Visit the purchase page:Xiaoduo Smart Flagship Store
In order to fully support a large number of hardware architectures and achieve performance optimization of artificial intelligence application performance on top of these hardwares, Baidu Flying Paddle released the end-side inference engine Paddle Lite. By modeling the underlying computing model, the ability to perform a variety of hardware, quantization methods, and Data Layout hybrid scheduling execution is enhanced, thereby ensuring the support capabilities of the macro hardware and meeting the stringent requirements of the artificial mobile application landing mobile terminal.

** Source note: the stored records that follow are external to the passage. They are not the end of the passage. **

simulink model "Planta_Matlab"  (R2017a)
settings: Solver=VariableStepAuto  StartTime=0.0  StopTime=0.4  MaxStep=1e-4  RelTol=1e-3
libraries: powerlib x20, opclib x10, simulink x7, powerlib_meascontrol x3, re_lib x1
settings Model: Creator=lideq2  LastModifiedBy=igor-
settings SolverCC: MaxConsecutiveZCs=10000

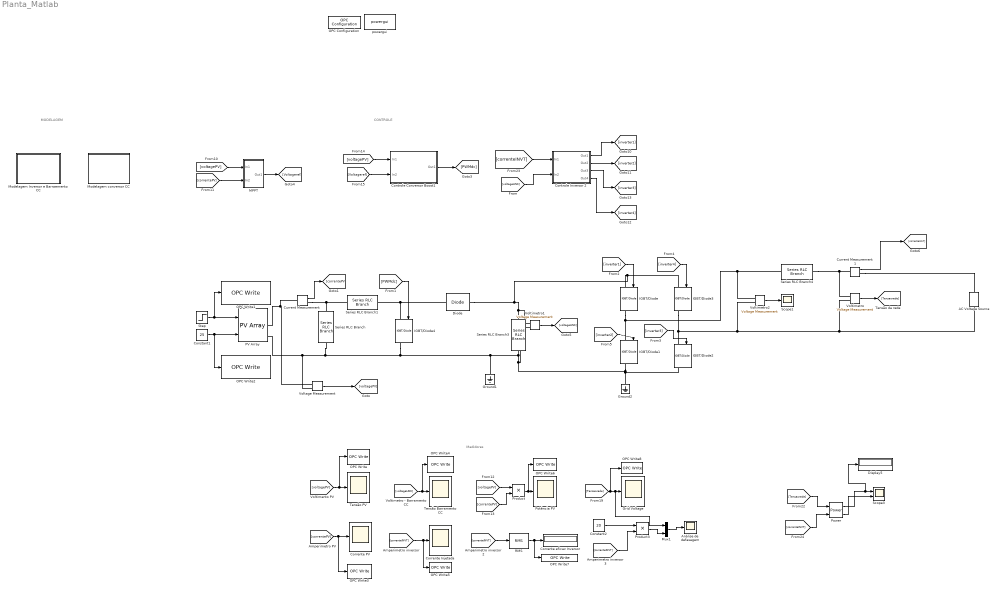
== system Planta_Matlab ==
  note: CONTROLE
  note: Medidores
  note: MODELAGEM
  AC Voltage Source : powerlib/Electrical Sources/AC Voltage Source  Amplitude=325  Phase=0  Frequency=60  SampleTime=0  Measurements=None  BusType=swing  Pref=10e3  Qref=0  Qmin=-inf  Qmax=+inf
  Análise de defasagem : Scope
  Constant1 : Constant  Value=25
  Constant2 : Constant  Value=20
  Controle Conversor Boost1 : Subsystem
  Controle Inversor 2 : Subsystem
  Corrente Injetada : Scope
  "Corrente PV " : Scope
  Corrente eficaz Inversor : Display
  Current Measurement : powerlib/Measurements/Current Measurement  PhasorSimulation=off  OutputType=Complex  PSBequivalent=0
  Current Measurement1 : powerlib/Measurements/Current Measurement  PhasorSimulation=off  OutputType=Complex  PSBequivalent=0
  Diode : powerlib/Power Electronics/Diode  Ron=0.001  Lon=0  Vf=0.8  IC=0  UseSnubber=off  Rs=500  Cs=250e-9  Measurements=off
  Display5 : Display
  Grid Voltage : Scope
  Ground1 : powerlib/Elements/Ground  LConnTagsString=a
  Ground2 : powerlib/Elements/Ground  LConnTagsString=a
  IGBT/Diode{,1..4} (5 alike) : powerlib/Power Electronics/IGBT//Diode  Ron=1e-3  Rs=1e5  Cs=inf  Measurements=on
  MPPT : Subsystem
  Modelagem Inversor e Barraemento CC : Subsystem
  Modelagem conversor CC : Subsystem
  Mux1 : Mux  Inputs=2
  OPC Configuration : opclib/OPC Configuration  opcServers=localhost/Matrikon.OPC.Simulation.1/10  errMissingItems=Error  errReadWrite=Warn  errShutdown=Error  errRTViolation=Warn  rtEnable=on  speedup=1  showLatency=off  beingUsed=on
      settings: SourceProductName=OPC Toolbox  SourceProductBaseCode=OT
  OPC Write : opclib/OPC Write  serverHost=localhost  serverID=Matrikon.OPC.Simulation.1  itemIDs=PV_v2.Placa.Tensão_PV  writeMode=Synchronous  updateRate=0
      settings: SourceProductName=OPC Toolbox  SourceProductBaseCode=OT
  OPC Write1 : opclib/OPC Write  serverHost=localhost  serverID=Matrikon.OPC.Simulation.1  itemIDs=PV_v2.Placa.IRRADIANCIA  writeMode=Synchronous  updateRate=0
      settings: SourceProductName=OPC Toolbox  SourceProductBaseCode=OT
  OPC Write2 : opclib/OPC Write  serverHost=localhost  serverID=Matrikon.OPC.Simulation.1  itemIDs=PV_v2.Placa.TEMPERATURA  writeMode=Synchronous  updateRate=0
      settings: SourceProductName=OPC Toolbox  SourceProductBaseCode=OT
  OPC Write3 : opclib/OPC Write  serverHost=localhost  serverID=Matrikon.OPC.Simulation.1  itemIDs=PV_v2.Placa.Corrente_PV  writeMode=Synchronous  updateRate=0
      settings: SourceProductName=OPC Toolbox  SourceProductBaseCode=OT
  OPC Write4 : opclib/OPC Write  serverHost=localhost  serverID=Matrikon.OPC.Simulation.1  itemIDs=PV_v2.Placa.Tensão_Barramento  writeMode=Synchronous  updateRate=0
      settings: SourceProductName=OPC Toolbox  SourceProductBaseCode=OT
  OPC Write5 : opclib/OPC Write  serverHost=localhost  serverID=Matrikon.OPC.Simulation.1  itemIDs=PV_v2.Inversor.Corrente_Injetada  writeMode=Synchronous  updateRate=0
      settings: SourceProductName=OPC Toolbox  SourceProductBaseCode=OT
  OPC Write6 : opclib/OPC Write  serverHost=localhost  serverID=Matrikon.OPC.Simulation.1  itemIDs=PV_v2.Placa.Potência_PV  writeMode=Synchronous  updateRate=0
      settings: SourceProductName=OPC Toolbox  SourceProductBaseCode=OT
  OPC Write7 : opclib/OPC Write  serverHost=localhost  serverID=Matrikon.OPC.Simulation.1  itemIDs=PV_v2.Inversor.Corrente_Eficaz_INV  writeMode=Synchronous  updateRate=0
      settings: SourceProductName=OPC Toolbox  SourceProductBaseCode=OT
  OPC Write8 : opclib/OPC Write  serverHost=localhost  serverID=Matrikon.OPC.Simulation.1  itemIDs=PV_v2.Rede.Tensão_Rede  writeMode=Synchronous  updateRate=0
      settings: SourceProductName=OPC Toolbox  SourceProductBaseCode=OT
  PV Array : re_lib/Solar/PV Array  Npar=1  Nser=5  PlotType=array @ 1000 W/m2 & specified temperatures  S_vec="[ 1000  500  100 ]"  Temp_C_vec="[ 45 25  ]"  ModuleName=Yingli Energy (China) YL240P-29b  PlotWhenSelected=off  Pm=240.13  Ncell=60  Voc=37.5  Isc=8.65  Vm=29.5  Im=8.14  beta_Voc_pc=-0.33701  alpha_Isc_pc=0.043803  beta_Voc=-0.12638  alpha_Isc=0.003789  IL=8.6929  I0=1.2567e-10  nI=0.97513  Rsh=337.0126  Rs=0.44582  BAL=off  Tc=1e-6  Tfilter=5e-5
  Potência PV : Scope
  Power : powerlib_meascontrol/Measurements/Power  Freq=60  Vinit=[1, 0]  Iinit=[1, 0]  Ts=1e-6
      settings: SourceProductName=Simscape Power Systems
  Product : Product
  Product3 : Product
  RMS : powerlib_meascontrol/Measurements/RMS  TrueRMS=on  Freq=60  RMSInit=120  Ts=0
  Scope1 : Scope
  Scope3 : Scope  NumInputPorts=2
  Series RLC Branch : powerlib/Elements/Series RLC Branch  LConnTagsString=__new0  RConnTagsString=__new0  BranchType=C  Resistance=1  Inductance=1e-3  SetiL0=off  InitialCurrent=0  Capacitance=1e-3  Setx0=off  InitialVoltage=0  Measurements=None
  Series RLC Branch1 : powerlib/Elements/Series RLC Branch  LConnTagsString=__new0  RConnTagsString=__new0  BranchType=L  Resistance=1  Inductance=71*10^-3  SetiL0=off  InitialCurrent=0  Capacitance=1e-6  Setx0=off  InitialVoltage=0  Measurements=None
  Series RLC Branch3 : powerlib/Elements/Series RLC Branch  LConnTagsString=__new0  RConnTagsString=__new0  BranchType=C  Resistance=1  Inductance=1e-3  SetiL0=off  InitialCurrent=0  Capacitance=1e-3  Setx0=off  InitialVoltage=400  Measurements=None
  Series RLC Branch4 : powerlib/Elements/Series RLC Branch  LConnTagsString=__new0  RConnTagsString=__new0  BranchType=RL  Resistance=0.05  Inductance=2.2e-3  SetiL0=off  InitialCurrent=0  Capacitance=1e-6  Setx0=off  InitialVoltage=0  Measurements=None
  Step : Step  Time=0.2  Before=1000  After=500  SampleTime=0
  Tensão Barramento CC : Scope
  Tensão PV : Scope
  Voltage Measurement : powerlib/Measurements/Voltage Measurement  PhasorSimulation=off  OutputType=Complex  PSBequivalent=0
  Voltimetro : powerlib/Measurements/Voltage Measurement  PhasorSimulation=off  OutputType=Complex  PSBequivalent=0
  Voltimetro1 : powerlib/Measurements/Voltage Measurement  PhasorSimulation=off  OutputType=Complex  PSBequivalent=0
  Voltimetro2 : powerlib/Measurements/Voltage Measurement  PhasorSimulation=off  OutputType=Complex  PSBequivalent=0
  powergui : powerlib/powergui  Priority=1  SimulationMode=Continuous  SampleTime=1e-6  frequency=60  Iterations=50  frequencyindice=0  Pbase=100e6  ErrMax=1e-4  UnitsV=kV  UnitsW=MW  buscounter=0  FunctionMessages=off  echomessages=off  EnableUseOfTLC=off  CurrentSourceSwitches=off  DisableSnubberDevices=off  DisableRonSwitches=off  DisableVfSwitches=off  DisplayEquations=off  SolverType=Tustin/Backward Euler (TBE)  Interpol=off  ExternalGateDelay=off  methode=off  Ts=100  x0status=blocks  SPID=on  SwTol=0  HookPort=off  RestoreLinks=warning  ResistiveCurrentMeasurement=off  Frange=[0:2:500]  Ylog=off  Xlog=on  ShowGrid=off  save=off  variable=ZData  structure=0  ZoomFFT=off  StartTime=0.0  cycles=1  DisplayStyle=1  fundamental=60  FreqAxis=off  MaxFrequency=1000  frequencyindicesteady=1  RmsSteady=1  display=off
  wires:
  Constant1/1 -> OPC Write2/1, PV Array/2
  Step/1 -> OPC Write1/1, PV Array/1
  Voltage Measurement/1 -> [voltagePV]
  Current Measurement/1 -> [correntePV]
  [inverter1] -> IGBT/Diode/1
  [inverter3] -> IGBT/Diode2/1
  [inverter4] -> IGBT/Diode3/1
  [inverter2] -> IGBT/Diode1/1
  [voltagePV] -> OPC Write/1, Tensão PV/1
  [correntePV] -> "Corrente PV "/1, OPC Write3/1
  Current Measurement1/1 -> [correnteINVT]
  [voltageLINK] -> OPC Write4/1, Tensão Barramento CC/1
  [correnteINVT] -> OPC Write5/1, Corrente Injetada/1
  [voltagePV] -> Controle Conversor Boost1/1(In1)
  Controle Conversor Boost1/1(Out1) -> [PWMdc]
  [Voltageref] -> Controle Conversor Boost1/2(In2)
  [voltagePV] -> MPPT/1(In1)
  [correntePV] -> MPPT/2(In2)
  MPPT/1(Out1) -> [Voltageref]
  Product/1 -> OPC Write6/1, Potência PV/1
  [voltagePV] -> Product/1
  [correntePV] -> Product/2
  Voltimetro/1 -> [Tensaorede]
  [Tensaorede] -> Mux1/1, Grid Voltage/1, OPC Write8/1
  [PWMdc] -> IGBT/Diode4/1
  Voltimetro1/1 -> [voltageLINK]
  Voltimetro2/1 -> Scope1/1
  RMS/1 -> OPC Write7/1, Corrente eficaz Inversor/1
  [correnteINVT] -> RMS/1
  [correnteINVT] -> Controle Inversor 2/1(In1)
  Controle Inversor 2/1(Out1) -> [inverter1]
  Controle Inversor 2/2(Out2) -> [inverter2]
  Controle Inversor 2/4(Out4) -> [inverter4]
  Controle Inversor 2/3(Out3) -> [inverter3]
  [voltageLINK] -> Controle Inversor 2/2(In2)
  [Tensaorede] -> Power/1
  [correnteINVT] -> Power/2
  Power/1 -> Display5/1, Scope3/1
  Power/2 -> Scope3/2
  [correnteINVT] -> Product3/2
  Constant2/1 -> Product3/1
  Product3/1 -> Mux1/2
  Mux1/1 -> Análise de defasagem/1
  connections:
  Series RLC Branch/RConn1 -- Voltimetro1/LConn2 -- Ground2/LConn1 -- IGBT/Diode2/RConn1 -- IGBT/Diode1/RConn1 -- Series RLC Branch3/RConn1 -- Ground1/LConn1 -- IGBT/Diode4/RConn1 -- Voltage Measurement/LConn2 -- PV Array/RConn2
  Voltage Measurement/LConn1 -- Current Measurement/LConn1 -- PV Array/RConn1
  Diode/LConn1 -- Series RLC Branch1/RConn1 -- IGBT/Diode4/LConn1
  Series RLC Branch/LConn1 -- Current Measurement/RConn1 -- Series RLC Branch1/LConn1
  IGBT/Diode/RConn1 -- Series RLC Branch4/LConn1 -- Voltimetro2/LConn1 -- IGBT/Diode1/LConn1
  IGBT/Diode3/RConn1 -- Voltimetro2/LConn2 -- Voltimetro/LConn2 -- AC Voltage Source/LConn1 -- IGBT/Diode2/LConn1
  Current Measurement1/RConn1 -- AC Voltage Source/RConn1
  Series RLC Branch4/RConn1 -- Voltimetro/LConn1 -- Current Measurement1/LConn1
  IGBT/Diode3/LConn1 -- Voltimetro1/LConn1 -- Series RLC Branch3/LConn1 -- Diode/RConn1 -- IGBT/Diode/LConn1

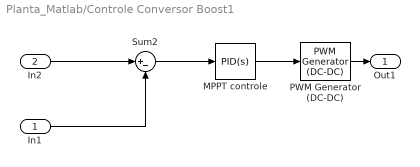
== system Planta_Matlab/Controle Conversor Boost1 ==
  In1 : Inport
  In2 : Inport  Port=2
  MPPT controle : simulink/Continuous/PID Controller  Controller=PID  TimeDomain=Continuous-time  SampleTime=-1  IntegratorMethod=Forward Euler  FilterMethod=Forward Euler  Form=Parallel  UseFilter=on  ControllerParametersSource=internal  P=-0.096886640335999  I=-17.7155282909639  D=-0.000128015040144556  N=10858.1536805525  InitialConditionSource=internal  InitialConditionForIntegrator=0  InitialConditionForFilter=0  ExternalReset=none  LimitOutput=off  UpperSaturationLimit=inf  LowerSaturationLimit=-inf  LinearizeAsGain=on  AntiWindupMode=none  Kb=1  TrackingMode=off  Kt=1  PParamMin=[]  PParamMax=[]  IParamMin=[]  IParamMax=[]  DParamMin=[]  DParamMax=[]  NParamMin=[]  NParamMax=[]  KbParamMin=[]  KbParamMax=[]  KtParamMin=[]  KtParamMax=[]  POutMin=[]  POutMax=[]  IOutMin=[]  IOutMax=[]  DOutMin=[]  DOutMax=[]  NOutMin=[]  NOutMax=[]  KbOutMin=[]  KbOutMax=[]  KtOutMin=[]  KtOutMax=[]  IntegratorOutMin=[]  IntegratorOutMax=[]  FilterOutMin=[]  FilterOutMax=[]  SumOutMin=[]  SumOutMax=[]  SumI1OutMin=[]  SumI1OutMax=[]  SumI2OutMin=[]  SumI2OutMax=[]  SumI3OutMin=[]  SumI3OutMax=[]  SumDOutMin=[]  SumDOutMax=[]  SaturationOutMin=[]  SaturationOutMax=[]  IntegratorContinuousStateAttributes=''  IntegratorStateMustResolveToSignalObject=off  IntegratorRTWStateStorageClass=Auto  FilterContinuousStateAttributes=''  FilterStateMustResolveToSignalObject=off  FilterRTWStateStorageClass=Auto  DifferentiatorICPrevScaledInput=0  DifferentiatorOutMin=[]  DifferentiatorOutMax=[]  InitialConditionSetting=State (most efficient)
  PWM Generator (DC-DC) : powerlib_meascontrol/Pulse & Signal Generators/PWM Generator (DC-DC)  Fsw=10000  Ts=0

Paddle Lite has been upgraded in architecture, and has added a complete design of hybrid scheduling for multiple computing modes (hardware, quantization method, Data Layout), which can fully assume the inferential deployment requirements of deep learning models on different hardware platforms. High performance, multi-hardware, multi-platform, and scalability.
Different from other independent inference engines, Paddle Lite relies on the flying paddle training framework and its corresponding rich and complete operator library. The underlying operator calculation logic is strictly consistent with the training. The model is fully compatible with no risk and can quickly support more models. . Its architecture has four main levels:
The Model layer directly accepts the Paddle-trained model and converts it into a NaiveBuffer special format through the model optimization tool to better adapt to the mobile deployment scenario;
The Program layer is an execution program composed of Operator sequences;
Is a complete analysis module, mainly including modules such as TypeSystem, SSA Graph and Passes;
Execution layer, Runtime Program consisting of Kernel sequences.
It is worth mentioning that the end-side inference engine has an important influence on the landing of the artificial intelligence application, which is directly related to the user experience. As a result, the introduction of Paddle Lite has greatly optimized the performance of the end-side inference engine, and also promoted the landing of AI applications on the end side.